The Justice Department’s attempt to prosecute critics of President Donald Trump has failed dramatically, surprising legal experts and former prosecutors.
Charges brought against James Comey and Letitia James are dismissed
Former FBI Director James Comey has responded after a judge ordered the Justice Department to drop charges against him.
Indictment dismissed. Two grand juries declined to bring new charges. A judge blocked key evidence from being used in a new case. In trying to prosecute President Donald Trump’s chief target, the Justice Department faced failures on a scale rarely seen in federal prosecutors.
The most dramatic recent setback was a second federal grand jury declining to indict New York Attorney General Letitia James on Dec. 11, after an earlier grand jury rejected the Justice Department’s indictment last week. Abby Rowell, a prominent lawyer representing James, called the repeated failures “unprecedented.”
Shortly before that, earlier charges against Mr. James and former FBI Director James Comey were dropped, with a judge ruling that the Justice Department could not use evidence that was key to the original indictment against Mr. Comey – at least for now.
The latest developments compound the difficulties Trump administration lawyers have faced in trying to prosecute Comey and New York Attorney General Letitia James. In a Sept. 20 social media post, the president called for the prosecution of both men and Sen. Adam Schiff (D-Calif.).
“This is embarrassing,” former federal prosecutor Neema Rahmani told USA TODAY. “The last thing you want to do as a prosecutor is to be on the defensive, and that’s exactly what’s happening here.”
The Justice Department’s investigation into Schiff has stalled, NBC News reported, citing four anonymous sources familiar with the matter. According to multiple media reports, federal investigators are currently looking into how Schiff’s investigation was handled.
The Justice Department declined to comment on its track record in litigation against President Trump’s targets.

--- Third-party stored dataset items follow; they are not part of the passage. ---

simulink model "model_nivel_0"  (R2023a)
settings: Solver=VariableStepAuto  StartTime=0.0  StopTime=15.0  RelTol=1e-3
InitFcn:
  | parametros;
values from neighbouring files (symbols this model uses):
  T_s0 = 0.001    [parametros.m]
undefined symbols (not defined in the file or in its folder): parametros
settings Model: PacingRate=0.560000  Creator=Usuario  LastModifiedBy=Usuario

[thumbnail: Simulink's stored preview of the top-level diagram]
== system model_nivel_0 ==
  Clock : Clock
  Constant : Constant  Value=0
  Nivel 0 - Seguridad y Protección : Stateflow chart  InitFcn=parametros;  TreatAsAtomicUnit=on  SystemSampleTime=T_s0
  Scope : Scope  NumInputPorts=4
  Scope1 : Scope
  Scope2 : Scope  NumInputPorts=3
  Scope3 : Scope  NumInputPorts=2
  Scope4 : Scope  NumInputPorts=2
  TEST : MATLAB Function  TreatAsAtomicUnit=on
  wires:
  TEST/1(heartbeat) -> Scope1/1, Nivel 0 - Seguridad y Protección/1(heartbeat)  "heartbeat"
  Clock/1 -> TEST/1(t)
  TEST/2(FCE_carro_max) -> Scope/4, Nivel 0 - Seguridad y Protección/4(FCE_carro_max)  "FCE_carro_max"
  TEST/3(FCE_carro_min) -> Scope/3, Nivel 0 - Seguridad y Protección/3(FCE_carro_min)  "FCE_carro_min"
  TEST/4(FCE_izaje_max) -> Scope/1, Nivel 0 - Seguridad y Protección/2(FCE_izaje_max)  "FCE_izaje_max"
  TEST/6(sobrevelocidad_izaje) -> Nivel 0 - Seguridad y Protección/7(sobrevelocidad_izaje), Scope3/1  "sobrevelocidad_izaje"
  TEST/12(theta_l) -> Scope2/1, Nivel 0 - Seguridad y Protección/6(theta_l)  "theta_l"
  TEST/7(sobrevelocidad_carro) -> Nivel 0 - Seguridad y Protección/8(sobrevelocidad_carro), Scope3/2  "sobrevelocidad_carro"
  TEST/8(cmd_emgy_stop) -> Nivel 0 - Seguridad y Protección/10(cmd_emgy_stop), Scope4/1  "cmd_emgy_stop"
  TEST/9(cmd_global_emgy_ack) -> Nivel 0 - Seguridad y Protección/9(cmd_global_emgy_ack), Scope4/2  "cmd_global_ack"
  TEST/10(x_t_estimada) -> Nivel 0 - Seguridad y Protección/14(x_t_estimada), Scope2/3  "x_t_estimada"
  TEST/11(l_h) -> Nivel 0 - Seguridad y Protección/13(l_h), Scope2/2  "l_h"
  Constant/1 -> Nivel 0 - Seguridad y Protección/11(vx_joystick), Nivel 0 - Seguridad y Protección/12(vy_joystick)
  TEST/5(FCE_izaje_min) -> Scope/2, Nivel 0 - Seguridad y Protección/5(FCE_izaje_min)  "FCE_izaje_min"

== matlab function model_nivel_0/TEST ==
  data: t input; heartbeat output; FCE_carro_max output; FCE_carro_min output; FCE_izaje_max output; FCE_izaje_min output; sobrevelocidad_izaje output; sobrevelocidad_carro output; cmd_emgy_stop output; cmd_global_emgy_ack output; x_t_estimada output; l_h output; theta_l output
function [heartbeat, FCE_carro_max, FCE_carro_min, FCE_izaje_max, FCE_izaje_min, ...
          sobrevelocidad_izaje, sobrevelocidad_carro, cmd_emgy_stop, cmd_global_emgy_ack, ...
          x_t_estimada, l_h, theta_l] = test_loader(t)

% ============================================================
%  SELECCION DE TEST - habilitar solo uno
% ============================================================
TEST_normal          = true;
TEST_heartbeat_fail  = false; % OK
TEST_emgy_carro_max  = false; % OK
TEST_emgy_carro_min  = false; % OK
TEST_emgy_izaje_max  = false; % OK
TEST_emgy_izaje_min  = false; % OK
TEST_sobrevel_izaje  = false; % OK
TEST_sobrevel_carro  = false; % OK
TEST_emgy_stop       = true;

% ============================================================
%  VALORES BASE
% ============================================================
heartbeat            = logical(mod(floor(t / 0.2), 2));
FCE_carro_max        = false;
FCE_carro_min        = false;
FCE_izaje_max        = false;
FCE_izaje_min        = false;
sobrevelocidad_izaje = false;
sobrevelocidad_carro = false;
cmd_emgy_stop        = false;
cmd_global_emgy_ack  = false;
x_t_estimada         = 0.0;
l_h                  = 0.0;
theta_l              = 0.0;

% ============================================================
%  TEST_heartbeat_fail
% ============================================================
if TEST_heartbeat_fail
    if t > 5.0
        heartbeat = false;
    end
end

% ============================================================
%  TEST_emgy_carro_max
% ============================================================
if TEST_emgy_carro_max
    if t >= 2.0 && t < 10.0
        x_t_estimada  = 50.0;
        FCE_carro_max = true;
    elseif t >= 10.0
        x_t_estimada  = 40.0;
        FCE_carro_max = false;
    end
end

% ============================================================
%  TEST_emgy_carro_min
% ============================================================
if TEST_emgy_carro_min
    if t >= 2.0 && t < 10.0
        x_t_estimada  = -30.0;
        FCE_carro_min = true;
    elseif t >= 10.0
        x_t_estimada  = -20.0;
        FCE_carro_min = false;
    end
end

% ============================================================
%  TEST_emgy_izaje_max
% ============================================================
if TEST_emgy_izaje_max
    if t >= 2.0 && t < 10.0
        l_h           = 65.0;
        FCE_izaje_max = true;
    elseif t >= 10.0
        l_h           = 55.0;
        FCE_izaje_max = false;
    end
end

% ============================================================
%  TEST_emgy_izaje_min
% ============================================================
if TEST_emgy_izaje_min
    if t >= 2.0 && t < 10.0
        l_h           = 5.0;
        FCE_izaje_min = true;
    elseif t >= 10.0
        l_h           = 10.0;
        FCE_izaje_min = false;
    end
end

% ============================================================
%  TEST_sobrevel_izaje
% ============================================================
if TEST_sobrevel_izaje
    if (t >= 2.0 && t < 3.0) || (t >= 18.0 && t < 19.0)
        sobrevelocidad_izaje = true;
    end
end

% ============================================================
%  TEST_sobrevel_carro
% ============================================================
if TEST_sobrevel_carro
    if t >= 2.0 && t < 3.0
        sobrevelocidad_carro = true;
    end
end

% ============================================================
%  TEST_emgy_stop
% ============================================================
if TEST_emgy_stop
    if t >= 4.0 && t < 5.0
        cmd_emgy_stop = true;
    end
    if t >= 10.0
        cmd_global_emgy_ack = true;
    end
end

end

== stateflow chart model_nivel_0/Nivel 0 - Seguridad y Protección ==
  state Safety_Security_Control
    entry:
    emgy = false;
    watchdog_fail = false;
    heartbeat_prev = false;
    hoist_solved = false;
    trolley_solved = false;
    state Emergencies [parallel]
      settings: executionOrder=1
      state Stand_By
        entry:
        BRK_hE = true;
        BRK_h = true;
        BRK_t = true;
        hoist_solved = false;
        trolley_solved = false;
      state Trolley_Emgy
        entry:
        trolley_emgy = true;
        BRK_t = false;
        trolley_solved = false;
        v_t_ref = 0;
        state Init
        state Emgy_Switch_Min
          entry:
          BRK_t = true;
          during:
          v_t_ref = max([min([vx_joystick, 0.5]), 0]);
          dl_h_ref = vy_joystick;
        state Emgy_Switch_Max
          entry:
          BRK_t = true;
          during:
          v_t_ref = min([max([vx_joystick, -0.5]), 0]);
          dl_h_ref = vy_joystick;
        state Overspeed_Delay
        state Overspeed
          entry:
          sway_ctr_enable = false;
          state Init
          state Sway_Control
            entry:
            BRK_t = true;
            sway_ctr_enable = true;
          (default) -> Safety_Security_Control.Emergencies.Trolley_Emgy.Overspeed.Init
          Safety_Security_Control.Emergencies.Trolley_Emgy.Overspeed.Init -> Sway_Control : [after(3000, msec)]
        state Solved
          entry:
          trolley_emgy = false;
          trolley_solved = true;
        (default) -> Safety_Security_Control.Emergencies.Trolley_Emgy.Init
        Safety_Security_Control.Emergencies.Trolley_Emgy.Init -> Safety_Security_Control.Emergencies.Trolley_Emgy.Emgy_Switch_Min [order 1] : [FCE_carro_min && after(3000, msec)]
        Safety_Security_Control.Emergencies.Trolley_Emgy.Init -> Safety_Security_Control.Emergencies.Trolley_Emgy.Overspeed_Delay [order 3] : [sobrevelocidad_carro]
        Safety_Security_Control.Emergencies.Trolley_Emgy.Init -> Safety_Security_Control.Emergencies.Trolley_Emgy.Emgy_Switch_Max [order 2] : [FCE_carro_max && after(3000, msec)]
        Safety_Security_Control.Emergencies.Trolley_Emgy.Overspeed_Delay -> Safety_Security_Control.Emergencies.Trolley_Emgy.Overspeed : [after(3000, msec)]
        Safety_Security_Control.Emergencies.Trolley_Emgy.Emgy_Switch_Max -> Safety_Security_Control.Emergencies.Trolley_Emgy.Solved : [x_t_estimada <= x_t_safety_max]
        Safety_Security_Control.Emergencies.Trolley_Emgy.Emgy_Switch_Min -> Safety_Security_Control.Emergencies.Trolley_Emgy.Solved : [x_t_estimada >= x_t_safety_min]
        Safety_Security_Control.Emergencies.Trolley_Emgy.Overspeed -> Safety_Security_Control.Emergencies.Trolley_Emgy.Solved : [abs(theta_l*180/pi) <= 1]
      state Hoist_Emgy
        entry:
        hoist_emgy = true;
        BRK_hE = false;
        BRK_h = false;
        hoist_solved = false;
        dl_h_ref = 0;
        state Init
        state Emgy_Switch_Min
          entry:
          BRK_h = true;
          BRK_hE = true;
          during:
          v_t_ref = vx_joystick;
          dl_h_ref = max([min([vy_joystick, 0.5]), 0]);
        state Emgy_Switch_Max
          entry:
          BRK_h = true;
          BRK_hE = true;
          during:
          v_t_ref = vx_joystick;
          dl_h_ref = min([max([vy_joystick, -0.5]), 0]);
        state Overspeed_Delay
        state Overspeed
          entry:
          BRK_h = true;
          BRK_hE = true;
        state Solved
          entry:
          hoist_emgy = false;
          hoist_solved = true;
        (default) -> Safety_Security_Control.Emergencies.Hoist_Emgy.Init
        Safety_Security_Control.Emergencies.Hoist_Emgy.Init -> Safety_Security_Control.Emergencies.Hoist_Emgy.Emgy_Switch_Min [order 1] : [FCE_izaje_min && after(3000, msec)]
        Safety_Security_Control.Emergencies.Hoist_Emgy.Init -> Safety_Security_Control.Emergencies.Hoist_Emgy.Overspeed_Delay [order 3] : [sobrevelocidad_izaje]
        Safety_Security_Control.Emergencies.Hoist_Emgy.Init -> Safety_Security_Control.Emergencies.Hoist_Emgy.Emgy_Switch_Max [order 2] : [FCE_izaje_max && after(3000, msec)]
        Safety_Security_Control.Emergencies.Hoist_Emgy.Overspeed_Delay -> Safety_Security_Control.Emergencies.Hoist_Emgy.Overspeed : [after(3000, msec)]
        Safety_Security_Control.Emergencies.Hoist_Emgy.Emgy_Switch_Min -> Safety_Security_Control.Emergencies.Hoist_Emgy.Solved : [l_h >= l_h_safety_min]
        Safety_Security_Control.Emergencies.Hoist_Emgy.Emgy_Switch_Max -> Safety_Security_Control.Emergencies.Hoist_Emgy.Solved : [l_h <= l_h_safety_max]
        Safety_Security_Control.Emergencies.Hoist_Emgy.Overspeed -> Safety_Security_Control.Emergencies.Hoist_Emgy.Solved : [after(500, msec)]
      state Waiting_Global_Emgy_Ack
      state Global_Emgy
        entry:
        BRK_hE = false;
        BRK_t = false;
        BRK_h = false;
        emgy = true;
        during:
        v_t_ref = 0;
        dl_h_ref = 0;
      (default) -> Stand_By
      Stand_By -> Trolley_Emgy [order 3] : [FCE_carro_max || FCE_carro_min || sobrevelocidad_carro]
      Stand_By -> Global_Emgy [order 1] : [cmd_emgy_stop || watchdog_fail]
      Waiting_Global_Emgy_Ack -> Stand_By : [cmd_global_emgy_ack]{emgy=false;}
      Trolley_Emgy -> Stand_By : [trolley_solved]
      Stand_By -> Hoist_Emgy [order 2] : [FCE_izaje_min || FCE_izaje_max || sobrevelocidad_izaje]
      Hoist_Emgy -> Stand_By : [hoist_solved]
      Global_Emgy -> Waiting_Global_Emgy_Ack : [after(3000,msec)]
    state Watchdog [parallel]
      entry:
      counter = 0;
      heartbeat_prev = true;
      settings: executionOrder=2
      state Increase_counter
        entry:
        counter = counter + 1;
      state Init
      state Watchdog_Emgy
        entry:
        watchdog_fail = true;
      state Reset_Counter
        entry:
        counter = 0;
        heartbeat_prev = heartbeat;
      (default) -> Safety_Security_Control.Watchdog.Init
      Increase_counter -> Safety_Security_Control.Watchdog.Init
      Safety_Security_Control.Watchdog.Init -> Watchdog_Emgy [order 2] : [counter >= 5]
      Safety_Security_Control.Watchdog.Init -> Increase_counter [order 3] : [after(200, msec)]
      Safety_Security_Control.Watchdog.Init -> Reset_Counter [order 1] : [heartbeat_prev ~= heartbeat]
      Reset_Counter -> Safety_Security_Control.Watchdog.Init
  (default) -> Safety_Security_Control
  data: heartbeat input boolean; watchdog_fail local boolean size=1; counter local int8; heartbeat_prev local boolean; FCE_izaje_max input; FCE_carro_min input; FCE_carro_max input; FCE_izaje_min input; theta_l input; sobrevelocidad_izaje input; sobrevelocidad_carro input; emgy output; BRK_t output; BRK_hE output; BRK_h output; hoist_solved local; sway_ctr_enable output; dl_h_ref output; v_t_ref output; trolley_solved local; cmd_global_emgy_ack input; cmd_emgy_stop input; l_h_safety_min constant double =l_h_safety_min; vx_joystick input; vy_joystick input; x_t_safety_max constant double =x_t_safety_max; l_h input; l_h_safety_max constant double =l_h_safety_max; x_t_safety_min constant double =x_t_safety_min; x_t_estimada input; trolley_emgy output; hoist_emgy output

Charges were dismissed after mounting legal challenges
On September 25, a federal grand jury indicted Comey on charges of lying to Congress and obstructing Congress during his testimony before a Senate committee on September 30, 2020. A separate federal grand jury indicted Mr. James on October 9 on charges of bank fraud and making false statements to a financial institution.
Trump’s vendetta against them goes back years. In 2017, he fired Comey as FBI director who was investigating possible contacts between the 2016 Trump campaign and the Russian government. Since then, Comey has become an outspoken critic of Trump. James filed a civil fraud lawsuit in 2022 accusing Trump of engaging in fraud over his years as a real estate mogul.
Earlier this year, longtime prosecutors, including the interim federal prosecutor for the Eastern District of Virginia, who was appointed after Trump took office in January, reportedly concluded that the evidence in both cases was too weak to prosecute.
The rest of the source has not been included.